Instructions to follow: Down to the last line, copy the records below without any change.

········

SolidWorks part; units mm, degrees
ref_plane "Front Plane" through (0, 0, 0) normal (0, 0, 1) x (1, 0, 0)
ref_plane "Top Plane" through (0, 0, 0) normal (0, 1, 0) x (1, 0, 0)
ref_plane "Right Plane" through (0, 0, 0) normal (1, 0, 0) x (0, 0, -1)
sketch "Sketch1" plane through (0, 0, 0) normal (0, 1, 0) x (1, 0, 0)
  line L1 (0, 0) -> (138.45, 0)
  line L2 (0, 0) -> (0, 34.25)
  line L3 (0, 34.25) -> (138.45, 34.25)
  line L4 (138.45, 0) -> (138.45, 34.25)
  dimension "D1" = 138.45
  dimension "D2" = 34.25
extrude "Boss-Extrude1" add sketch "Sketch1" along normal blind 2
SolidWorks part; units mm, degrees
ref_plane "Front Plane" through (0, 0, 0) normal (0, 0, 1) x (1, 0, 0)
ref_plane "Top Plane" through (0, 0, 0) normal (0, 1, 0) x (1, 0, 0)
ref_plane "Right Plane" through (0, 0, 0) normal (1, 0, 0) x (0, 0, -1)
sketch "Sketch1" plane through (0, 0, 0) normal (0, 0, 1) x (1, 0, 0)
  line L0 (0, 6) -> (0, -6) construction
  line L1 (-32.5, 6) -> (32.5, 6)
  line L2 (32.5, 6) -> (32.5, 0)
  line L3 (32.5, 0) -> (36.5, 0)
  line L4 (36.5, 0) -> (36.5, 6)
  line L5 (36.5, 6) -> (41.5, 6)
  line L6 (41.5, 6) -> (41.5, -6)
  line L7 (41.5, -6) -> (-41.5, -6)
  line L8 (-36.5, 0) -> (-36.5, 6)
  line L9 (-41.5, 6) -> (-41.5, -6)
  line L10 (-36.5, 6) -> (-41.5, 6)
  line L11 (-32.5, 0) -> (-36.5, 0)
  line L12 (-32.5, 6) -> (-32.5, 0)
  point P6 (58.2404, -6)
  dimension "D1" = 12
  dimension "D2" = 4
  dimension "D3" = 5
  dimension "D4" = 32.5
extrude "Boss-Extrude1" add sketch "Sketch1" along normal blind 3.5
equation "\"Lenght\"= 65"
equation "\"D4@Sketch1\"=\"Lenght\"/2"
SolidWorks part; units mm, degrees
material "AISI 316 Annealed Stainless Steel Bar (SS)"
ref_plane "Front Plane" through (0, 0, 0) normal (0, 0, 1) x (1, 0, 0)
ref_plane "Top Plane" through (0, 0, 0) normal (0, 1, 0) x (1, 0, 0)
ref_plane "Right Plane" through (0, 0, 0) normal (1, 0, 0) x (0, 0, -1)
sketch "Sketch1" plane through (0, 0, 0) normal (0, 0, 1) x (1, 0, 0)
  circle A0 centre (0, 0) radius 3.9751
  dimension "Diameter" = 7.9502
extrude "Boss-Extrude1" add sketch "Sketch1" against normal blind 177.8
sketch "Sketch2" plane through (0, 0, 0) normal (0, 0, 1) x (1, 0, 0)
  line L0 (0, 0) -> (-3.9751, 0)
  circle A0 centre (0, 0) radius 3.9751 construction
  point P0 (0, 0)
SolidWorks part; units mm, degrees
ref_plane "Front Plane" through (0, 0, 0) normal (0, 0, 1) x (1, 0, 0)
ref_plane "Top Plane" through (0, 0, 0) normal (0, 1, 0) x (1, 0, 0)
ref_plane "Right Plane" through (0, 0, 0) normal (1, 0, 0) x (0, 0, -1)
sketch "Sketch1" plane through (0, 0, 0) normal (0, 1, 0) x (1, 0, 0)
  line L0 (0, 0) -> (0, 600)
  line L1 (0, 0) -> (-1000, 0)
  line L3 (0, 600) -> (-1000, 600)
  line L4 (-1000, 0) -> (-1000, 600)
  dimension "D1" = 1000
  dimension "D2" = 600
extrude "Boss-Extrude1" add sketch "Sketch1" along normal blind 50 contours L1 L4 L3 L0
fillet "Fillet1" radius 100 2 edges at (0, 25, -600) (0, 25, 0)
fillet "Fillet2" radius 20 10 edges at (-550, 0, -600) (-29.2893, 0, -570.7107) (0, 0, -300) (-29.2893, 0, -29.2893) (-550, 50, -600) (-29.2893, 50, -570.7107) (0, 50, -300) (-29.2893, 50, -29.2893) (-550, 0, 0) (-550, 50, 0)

········

Response area:
SolidWorks part; units mm, degrees
ref_plane "Front Plane" through (0, 0, 0) normal (0, 0, 1) x (1, 0, 0)
ref_plane "Top Plane" through (0, 0, 0) normal (0, 1, 0) x (1, 0, 0)
ref_plane "Right Plane" through (0, 0, 0) normal (1, 0, 0) x (0, 0, -1)
sketch "Sketch1" plane through (0, 0, 0) normal (0, 1, 0) x (1, 0, 0)
  line L1 (0, 0) -> (138.45, 0)
  line L2 (0, 0) -> (0, 34.25)
  line L3 (0, 34.25) -> (138.45, 34.25)
  line L4 (138.45, 0) -> (138.45, 34.25)
  dimension "D1" = 138.45
  dimension "D2" = 34.25
extrude "Boss-Extrude1" add sketch "Sketch1" along normal blind 2
SolidWorks part; units mm, degrees
ref_plane "Front Plane" through (0, 0, 0) normal (0, 0, 1) x (1, 0, 0)
ref_plane "Top Plane" through (0, 0, 0) normal (0, 1, 0) x (1, 0, 0)
ref_plane "Right Plane" through (0, 0, 0) normal (1, 0, 0) x (0, 0, -1)
sketch "Sketch1" plane through (0, 0, 0) normal (0, 0, 1) x (1, 0, 0)
  line L0 (0, 6) -> (0, -6) construction
  line L1 (-32.5, 6) -> (32.5, 6)
  line L2 (32.5, 6) -> (32.5, 0)
  line L3 (32.5, 0) -> (36.5, 0)
  line L4 (36.5, 0) -> (36.5, 6)
  line L5 (36.5, 6) -> (41.5, 6)
  line L6 (41.5, 6) -> (41.5, -6)
  line L7 (41.5, -6) -> (-41.5, -6)
  line L8 (-36.5, 0) -> (-36.5, 6)
  line L9 (-41.5, 6) -> (-41.5, -6)
  line L10 (-36.5, 6) -> (-41.5, 6)
  line L11 (-32.5, 0) -> (-36.5, 0)
  line L12 (-32.5, 6) -> (-32.5, 0)
  point P6 (58.2404, -6)
  dimension "D1" = 12
  dimension "D2" = 4
  dimension "D3" = 5
  dimension "D4" = 32.5
extrude "Boss-Extrude1" add sketch "Sketch1" along normal blind 3.5
equation "\"Lenght\"= 65"
equation "\"D4@Sketch1\"=\"Lenght\"/2"
SolidWorks part; units mm, degrees
material "AISI 316 Annealed Stainless Steel Bar (SS)"
ref_plane "Front Plane" through (0, 0, 0) normal (0, 0, 1) x (1, 0, 0)
ref_plane "Top Plane" through (0, 0, 0) normal (0, 1, 0) x (1, 0, 0)
ref_plane "Right Plane" through (0, 0, 0) normal (1, 0, 0) x (0, 0, -1)
sketch "Sketch1" plane through (0, 0, 0) normal (0, 0, 1) x (1, 0, 0)
  circle A0 centre (0, 0) radius 3.9751
  dimension "Diameter" = 7.9502
extrude "Boss-Extrude1" add sketch "Sketch1" against normal blind 177.8
sketch "Sketch2" plane through (0, 0, 0) normal (0, 0, 1) x (1, 0, 0)
  line L0 (0, 0) -> (-3.9751, 0)
  circle A0 centre (0, 0) radius 3.9751 construction
  point P0 (0, 0)
SolidWorks part; units mm, degrees
ref_plane "Front Plane" through (0, 0, 0) normal (0, 0, 1) x (1, 0, 0)
ref_plane "Top Plane" through (0, 0, 0) normal (0, 1, 0) x (1, 0, 0)
ref_plane "Right Plane" through (0, 0, 0) normal (1, 0, 0) x (0, 0, -1)
sketch "Sketch1" plane through (0, 0, 0) normal (0, 1, 0) x (1, 0, 0)
  line L0 (0, 0) -> (0, 600)
  line L1 (0, 0) -> (-1000, 0)
  line L3 (0, 600) -> (-1000, 600)
  line L4 (-1000, 0) -> (-1000, 600)
  dimension "D1" = 1000
  dimension "D2" = 600
extrude "Boss-Extrude1" add sketch "Sketch1" along normal blind 50 contours L1 L4 L3 L0
fillet "Fillet1" radius 100 2 edges at (0, 25, -600) (0, 25, 0)
fillet "Fillet2" radius 20 10 edges at (-550, 0, -600) (-29.2893, 0, -570.7107) (0, 0, -300) (-29.2893, 0, -29.2893) (-550, 50, -600) (-29.2893, 50, -570.7107) (0, 50, -300) (-29.2893, 50, -29.2893) (-550, 0, 0) (-550, 50, 0)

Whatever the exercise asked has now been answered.